Non c’è dubbio, vivendo tra Milano e Roma, che
Roma non è amministrata bene, ma è meglio amministrata di Milano. Pur essendo
una città tropo complessa rispetto a Milano, anzi di complessità unica al
mondo: religiosa e politica, amministrativa, industriale, d’arte, turistica. È più
pulita, più decorosa, ha un buon sistema scolastico, ottimo per le materne, una
buona sanità, e ha parcheggi, se non un trasporto pubblico adeguato.
Non c’è però dubbio che ha fama di volgarità.
Di corruzione. Che è diffusa, ed è anche tradizionale.

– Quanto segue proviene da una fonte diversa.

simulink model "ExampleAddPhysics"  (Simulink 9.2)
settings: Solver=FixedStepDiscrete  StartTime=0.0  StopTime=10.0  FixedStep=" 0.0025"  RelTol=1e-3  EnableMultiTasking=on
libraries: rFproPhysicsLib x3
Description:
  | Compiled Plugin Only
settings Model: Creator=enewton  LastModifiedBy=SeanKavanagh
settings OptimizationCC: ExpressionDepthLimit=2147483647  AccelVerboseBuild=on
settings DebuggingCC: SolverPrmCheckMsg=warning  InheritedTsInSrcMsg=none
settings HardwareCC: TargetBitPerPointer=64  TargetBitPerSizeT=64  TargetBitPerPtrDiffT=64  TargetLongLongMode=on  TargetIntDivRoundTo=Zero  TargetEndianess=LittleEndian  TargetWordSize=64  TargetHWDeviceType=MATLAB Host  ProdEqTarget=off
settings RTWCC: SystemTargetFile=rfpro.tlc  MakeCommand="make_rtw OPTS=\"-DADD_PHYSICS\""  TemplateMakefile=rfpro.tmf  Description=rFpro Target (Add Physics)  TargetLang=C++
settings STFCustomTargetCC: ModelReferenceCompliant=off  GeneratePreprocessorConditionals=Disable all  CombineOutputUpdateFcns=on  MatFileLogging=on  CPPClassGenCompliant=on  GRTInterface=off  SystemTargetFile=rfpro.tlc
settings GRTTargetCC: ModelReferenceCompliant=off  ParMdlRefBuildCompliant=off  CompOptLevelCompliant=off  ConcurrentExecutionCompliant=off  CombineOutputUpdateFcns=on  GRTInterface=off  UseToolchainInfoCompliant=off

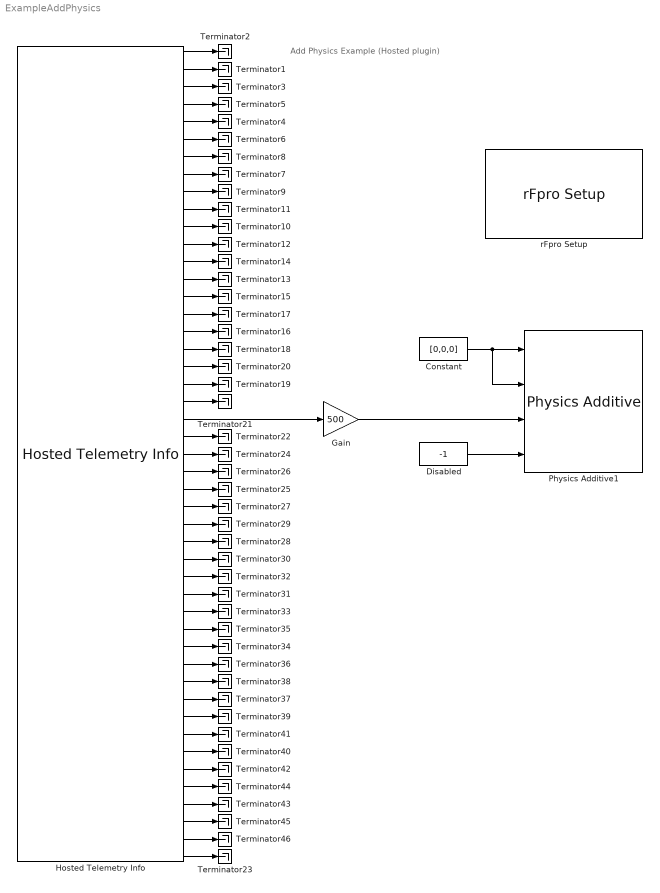
== system ExampleAddPhysics ==
  note: Add Physics Example (Hosted plugin)
  Constant : Constant  Value=[0,0,0]
  Disabled : Constant  Value=-1
  Gain : Gain  Gain=500
  Hosted Telemetry Info : rFproPhysicsLib/Hosted Blocks/Hosted Telemetry Info  SFunctionModules=''
  Physics Additive1 : rFproPhysicsLib/Hosted Blocks/Physics Additive
  Terminator{1..46} (46 alike) : Terminator
  rFpro Setup : rFproPhysicsLib/rFpro Setup  Priority=1  platform=Hosted Plugin  stopOnSessionEnd=on  usePseudoRealtime=on  syncToRF=on  useReverseByteOrder=off  useRfTime=on  minIterations=4  maxIterations=1000  ipReceiveAddress='127.0.0.1'  ipReceivePort=11054  receiveSampleTime=-1  ipTransmitAddress='127.0.0.1'  ipTransmitPort=11052  transmitSampleTime=-1  pluginType=ADD_PHYSICS
  wires:
  Hosted Telemetry Info/22 -> Gain/1
  Gain/1 -> Physics Additive1/3
  Disabled/1 -> Physics Additive1/4
  Hosted Telemetry Info/1 -> Terminator2/1
  Hosted Telemetry Info/2 -> Terminator1/1
  Hosted Telemetry Info/3 -> Terminator3/1
  Hosted Telemetry Info/4 -> Terminator5/1
  Hosted Telemetry Info/5 -> Terminator4/1
  Hosted Telemetry Info/6 -> Terminator6/1
  Hosted Telemetry Info/7 -> Terminator8/1
  Hosted Telemetry Info/8 -> Terminator7/1
  Hosted Telemetry Info/9 -> Terminator9/1
  Hosted Telemetry Info/10 -> Terminator11/1
  Hosted Telemetry Info/11 -> Terminator10/1
  Hosted Telemetry Info/12 -> Terminator12/1
  Hosted Telemetry Info/13 -> Terminator14/1
  Hosted Telemetry Info/14 -> Terminator13/1
  Hosted Telemetry Info/15 -> Terminator15/1
  Hosted Telemetry Info/16 -> Terminator17/1
  Hosted Telemetry Info/17 -> Terminator16/1
  Hosted Telemetry Info/18 -> Terminator18/1
  Hosted Telemetry Info/19 -> Terminator20/1
  Hosted Telemetry Info/20 -> Terminator19/1
  Hosted Telemetry Info/21 -> Terminator21/1
  Hosted Telemetry Info/23 -> Terminator22/1
  Hosted Telemetry Info/24 -> Terminator24/1
  Hosted Telemetry Info/25 -> Terminator26/1
  Hosted Telemetry Info/26 -> Terminator25/1
  Hosted Telemetry Info/27 -> Terminator27/1
  Hosted Telemetry Info/28 -> Terminator29/1
  Hosted Telemetry Info/29 -> Terminator28/1
  Hosted Telemetry Info/30 -> Terminator30/1
  Hosted Telemetry Info/31 -> Terminator32/1
  Hosted Telemetry Info/32 -> Terminator31/1
  Hosted Telemetry Info/33 -> Terminator33/1
  Hosted Telemetry Info/34 -> Terminator35/1
  Hosted Telemetry Info/35 -> Terminator34/1
  Hosted Telemetry Info/36 -> Terminator36/1
  Hosted Telemetry Info/37 -> Terminator38/1
  Hosted Telemetry Info/38 -> Terminator37/1
  Hosted Telemetry Info/39 -> Terminator39/1
  Hosted Telemetry Info/40 -> Terminator41/1
  Hosted Telemetry Info/41 -> Terminator40/1
  Hosted Telemetry Info/42 -> Terminator42/1
  Hosted Telemetry Info/43 -> Terminator44/1
  Hosted Telemetry Info/44 -> Terminator43/1
  Hosted Telemetry Info/45 -> Terminator45/1
  Hosted Telemetry Info/46 -> Terminator46/1
  Constant/1 -> Physics Additive1/2, Physics Additive1/1
  Hosted Telemetry Info/47 -> Terminator23/1

Fino a non molti anni fa si
pagava una mancia pure per avere l’allacciamento della luce o del telefono, all’uomo
della Stet, dell’Acea o della Romana Gas. Ma non c’è corruttela. E anzi c’è abbastanza
sdegno per portare a galla le situazioni di degrado morale. Nulla al confronto,
facendo le somme, con la grande corruzione di altre città, Milano soprattutto,
Venezia, Torino, Genova, sugli appalti pubblici. È una corruzione focalizzata
sul cosiddetto terzo settore, o del “volontariato”, cioè sull’appalto privato
dei servizi pubblici. Che riguarda Roma come tutta Italia: il terzo settore va
rigovernato, non da ora, da quando si è messo a crescere gigante, nato una
ventina d’anni fa.
Da che deriva la pessima fama di Roma? Dal suo
giornalismo. Effettivamente corrotto – di un interesse contro l’altro. Oppure
no, solo scadente: sa solo fare la predica - se non denuncia qualcuno, sia pure
un sacrestano che ruba le elemosine, o un ambulante senza licenza, non sa fare
altro. Si vedano al confronto le cronache degli stessi giornali di Palermo, per
esempio, rispetto a quelle romane, o di Firenze. Una stampa scandalistica, che
altrove è separata da quella d’informazione e in Italia invece la domina.